(Saved entries)
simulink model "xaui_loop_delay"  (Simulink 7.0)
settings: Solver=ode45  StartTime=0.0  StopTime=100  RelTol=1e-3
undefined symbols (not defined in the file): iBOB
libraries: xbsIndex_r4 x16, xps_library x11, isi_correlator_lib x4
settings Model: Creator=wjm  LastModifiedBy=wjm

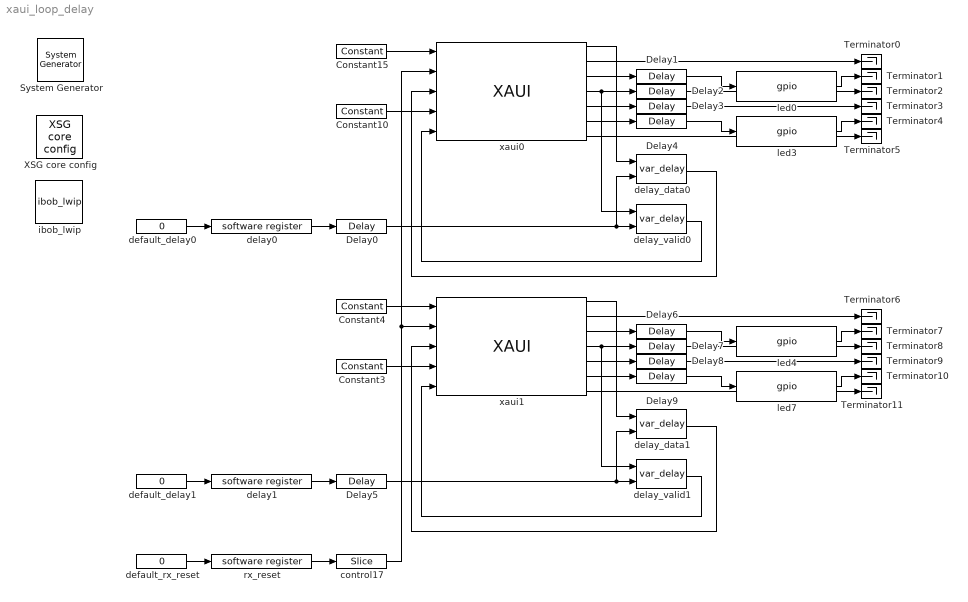
== system xaui_loop_delay ==
  " System Generator" : xbsIndex_r4/ System Generator  Tag=genX  SystemSampleTime=-1  xilinxfamily=virtex2p  part=xc2vp50  speed=-7  package=ff1152  synthesis_tool=XST  clock_wrapper=Clock Enables  directory=./xaui_loop_delay/sysgen  testbench=off  simulink_period=1  sysclk_period=5  dcm_input_clock_period=100  incr_netlist=off  trim_vbits=Everywhere in SubSystem  dbl_ovrd=According to Block Masks  core_generation=According to Block Masks  run_coregen=off  deprecated_control=off  eval_field=0  block_type=sysgen
      settings: block_version=10.1.1
  Constant10 : xbsIndex_r4/Constant  arith_type=Unsigned  const=0  n_bits=8  bin_pt=0  explicit_period=on  period=1  equ=P=C  opselect=C  inp2=PCIN>>17  opr=+  inp1=P  carry=CIN  dbl_ovrd=off  block_type=constant
      settings: block_version=10.1.1
  Constant15 : xbsIndex_r4/Constant  arith_type=Boolean  const=1  n_bits=1  bin_pt=0  explicit_period=on  period=1  equ=P=C  opselect=C  inp2=PCIN>>17  opr=+  inp1=P  carry=CIN  dbl_ovrd=off  block_type=constant
      settings: block_version=10.1.1
  Constant3 : xbsIndex_r4/Constant  arith_type=Unsigned  const=0  n_bits=8  bin_pt=0  explicit_period=on  period=1  equ=P=C  opselect=C  inp2=PCIN>>17  opr=+  inp1=P  carry=CIN  dbl_ovrd=off  block_type=constant
      settings: block_version=10.1.1
  Constant4 : xbsIndex_r4/Constant  arith_type=Boolean  const=1  n_bits=1  bin_pt=0  explicit_period=on  period=1  equ=P=C  opselect=C  inp2=PCIN>>17  opr=+  inp1=P  carry=CIN  dbl_ovrd=off  block_type=constant
      settings: block_version=10.1.1
  Delay{0..9} (10 alike) : xbsIndex_r4/Delay  en=off  latency=1  dbl_ovrd=off  reg_retiming=off  block_type=delay
  Terminator{0..11} (12 alike) : Terminator
  XSG core config : xps_library/XSG core config  Tag=xps:xsg  SystemSampleTime=-1  hw_sys=iBOB  ibob_linux=off  clk_src=sys_clk2x  iBOB_clk_src=sys_clk2x  BEE2_ctrl_clk_src=sys_clk  BEE2_usr_clk_src=sys_clk  ROACH_clk_src=adc0_clk  CORR_clk_src=sys_clk  gpio_clk_io_group=iBOB:sma  gpio_clk_bit_index=0  clk_rate=200  sample_period=1  synthesis_tool=XST  mpc_type=powerpc405
  control17 : xbsIndex_r4/Slice  nbits=1  boolean_output=on  mode=Lower Bit Location + Width  bit1=0  base1=MSB of Input  bit0=0  base0=LSB of Input  dbl_ovrd=off  block_type=slice
      settings: infoedit="Extracts a given range of bits from each input sample and presents it at the output.  The output type is ordinarily unsigned with binary point at zero, but can be Boolean when the slice is one bit wide.<P><P>Hardware notes: In hardware this block costs nothing."  block_version=10.1.3
  default_delay0 : Constant  Value=0  OutDataType=sfix(16)  OutScaling=2^0  SampleTime=1
  default_delay1 : Constant  Value=0  OutDataType=sfix(16)  OutScaling=2^0  SampleTime=1
  default_rx_reset : Constant  Value=0  OutDataType=sfix(16)  OutScaling=2^0  SampleTime=1
  delay0 : xps_library/software register  Tag=xps:sw_reg  SystemSampleTime=-1  io_dir=From Processor  arith_type=Unsigned  bitwidth=32  bin_pt=0  sample_period=1  gw_name=xaui_loop_delay_delay0_user_data_out
      link override xaui_loop_delay_delay0_user_data_out: arith_type=Unsigned  n_bits=32  bin_pt=0  period=1
  delay1 : xps_library/software register  Tag=xps:sw_reg  SystemSampleTime=-1  io_dir=From Processor  arith_type=Unsigned  bitwidth=32  bin_pt=0  sample_period=1  gw_name=xaui_loop_delay_delay1_user_data_out
      link override xaui_loop_delay_delay1_user_data_out: arith_type=Unsigned  n_bits=32  bin_pt=0  period=1
  delay_data0 : isi_correlator_lib/var_delay  SystemSampleTime=-1
  delay_data1 : isi_correlator_lib/var_delay  SystemSampleTime=-1
  delay_valid0 : isi_correlator_lib/var_delay  SystemSampleTime=-1
  delay_valid1 : isi_correlator_lib/var_delay  SystemSampleTime=-1
  ibob_lwip : xps_library/ibob_lwip  SystemSampleTime=-1
      link override macbits/convert: arith_type=Unsigned  n_bits=32  bin_pt=0
      link override machdr/xaui_loop_delay_ibob_lwip_machdr_gateway: arith_type=Unsigned  n_bits=20  bin_pt=0  period=sample_period
  led0 : xps_library/gpio  Tag=xps:gpio  SystemSampleTime=-1  io_group=iBOB:led  io_dir=out  arith_type=Boolean  bitwidth=1  bin_pt=0  bit_index=1  sample_period=1  use_single_ended=off  use_ddr=off  reg_iob=on  reg_clk_phase=0  termination=None
      link override convert: arith_type=Boolean  n_bits=1  bin_pt=0
  led3 : xps_library/gpio  Tag=xps:gpio  SystemSampleTime=-1  io_group=iBOB:led  io_dir=out  arith_type=Boolean  bitwidth=1  bin_pt=0  bit_index=2  sample_period=1  use_single_ended=off  use_ddr=off  reg_iob=on  reg_clk_phase=0  termination=None
      link override convert: arith_type=Boolean  n_bits=1  bin_pt=0
  led4 : xps_library/gpio  Tag=xps:gpio  SystemSampleTime=-1  io_group=iBOB:led  io_dir=out  arith_type=Boolean  bitwidth=1  bin_pt=0  bit_index=3  sample_period=1  use_single_ended=off  use_ddr=off  reg_iob=on  reg_clk_phase=0  termination=None
      link override convert: arith_type=Boolean  n_bits=1  bin_pt=0
  led7 : xps_library/gpio  Tag=xps:gpio  SystemSampleTime=-1  io_group=iBOB:led  io_dir=out  arith_type=Boolean  bitwidth=1  bin_pt=0  bit_index=4  sample_period=1  use_single_ended=off  use_ddr=off  reg_iob=on  reg_clk_phase=0  termination=None
      link override convert: arith_type=Boolean  n_bits=1  bin_pt=0
  rx_reset : xps_library/software register  Tag=xps:sw_reg  SystemSampleTime=-1  io_dir=From Processor  arith_type=Unsigned  bitwidth=32  bin_pt=0  sample_period=1  gw_name=xaui_loop_delay_rx_reset_user_data_out
      link override xaui_loop_delay_rx_reset_user_data_out: arith_type=Unsigned  n_bits=32  bin_pt=0  period=1
  xaui0 : xps_library/XAUI  Tag=xps:xaui  SystemSampleTime=-1  demux=2  port=iBOB:0  open_phy=on  show_param=off  pre_emph=3  swing=800
      link override convert_tx_data: n_bits=32
      link override convert_tx_outofband: n_bits=4
      link override isi_correlator_xaui0_rx_data: n_bits=32
      link override isi_correlator_xaui0_rx_outofband: n_bits=4
      link override xaui_loop_delay_xaui0_rx_data: n_bits=32
      link override xaui_loop_delay_xaui0_rx_outofband: n_bits=4
  xaui1 : xps_library/XAUI  Tag=xps:xaui  SystemSampleTime=-1  demux=2  port=iBOB:1  open_phy=on  show_param=off  pre_emph=3  swing=800
      link override convert_tx_data: n_bits=32
      link override convert_tx_outofband: n_bits=4
      link override isi_correlator_xaui0_rx_data: n_bits=32
      link override isi_correlator_xaui0_rx_outofband: n_bits=4
      link override xaui_loop_delay_xaui1_rx_data: n_bits=32
      link override xaui_loop_delay_xaui1_rx_outofband: n_bits=4
  wires:
  xaui0/2 -> Terminator0/1
  Constant15/1 -> xaui0/1
  xaui0/7 -> Terminator5/1
  Constant10/1 -> xaui0/4
  xaui0/4 -> delay_valid0/1, Delay2/1
  xaui0/3 -> Delay1/1
  xaui0/5 -> Delay3/1
  xaui0/6 -> Delay4/1
  led0/1 -> Terminator1/1
  led3/1 -> Terminator4/1
  default_delay0/1 -> delay0/1
  xaui0/1 -> delay_data0/1
  delay_data0/1 -> xaui0/3
  delay_valid0/1 -> xaui0/5
  delay0/1 -> Delay0/1
  Delay0/1 -> delay_valid0/2, delay_data0/2
  Delay1/1 -> led0/1
  Delay2/1 -> Terminator2/1
  Delay3/1 -> Terminator3/1
  Delay4/1 -> led3/1
  xaui1/2 -> Terminator6/1
  Constant4/1 -> xaui1/1
  xaui1/7 -> Terminator11/1
  Constant3/1 -> xaui1/4
  xaui1/4 -> delay_valid1/1, Delay7/1
  xaui1/3 -> Delay6/1
  xaui1/5 -> Delay8/1
  xaui1/6 -> Delay9/1
  led4/1 -> Terminator7/1
  led7/1 -> Terminator10/1
  default_delay1/1 -> delay1/1
  xaui1/1 -> delay_data1/1
  delay_data1/1 -> xaui1/3
  delay_valid1/1 -> xaui1/5
  delay1/1 -> Delay5/1
  Delay5/1 -> delay_valid1/2, delay_data1/2
  Delay6/1 -> led4/1
  Delay7/1 -> Terminator8/1
  Delay8/1 -> Terminator9/1
  Delay9/1 -> led7/1
  default_rx_reset/1 -> rx_reset/1
  rx_reset/1 -> control17/1
  control17/1 -> xaui0/2, xaui1/2

■ **Instructions to follow**:
Go through the records above, find each line with the string "carry", and copy it.

■ **Solution**:
  Constant10 : xbsIndex_r4/Constant  arith_type=Unsigned  const=0  n_bits=8  bin_pt=0  explicit_period=on  period=1  equ=P=C  opselect=C  inp2=PCIN>>17  opr=+  inp1=P  carry=CIN  dbl_ovrd=off  block_type=constant
  Constant15 : xbsIndex_r4/Constant  arith_type=Boolean  const=1  n_bits=1  bin_pt=0  explicit_period=on  period=1  equ=P=C  opselect=C  inp2=PCIN>>17  opr=+  inp1=P  carry=CIN  dbl_ovrd=off  block_type=constant
  Constant3 : xbsIndex_r4/Constant  arith_type=Unsigned  const=0  n_bits=8  bin_pt=0  explicit_period=on  period=1  equ=P=C  opselect=C  inp2=PCIN>>17  opr=+  inp1=P  carry=CIN  dbl_ovrd=off  block_type=constant
  Constant4 : xbsIndex_r4/Constant  arith_type=Boolean  const=1  n_bits=1  bin_pt=0  explicit_period=on  period=1  equ=P=C  opselect=C  inp2=PCIN>>17  opr=+  inp1=P  carry=CIN  dbl_ovrd=off  block_type=constant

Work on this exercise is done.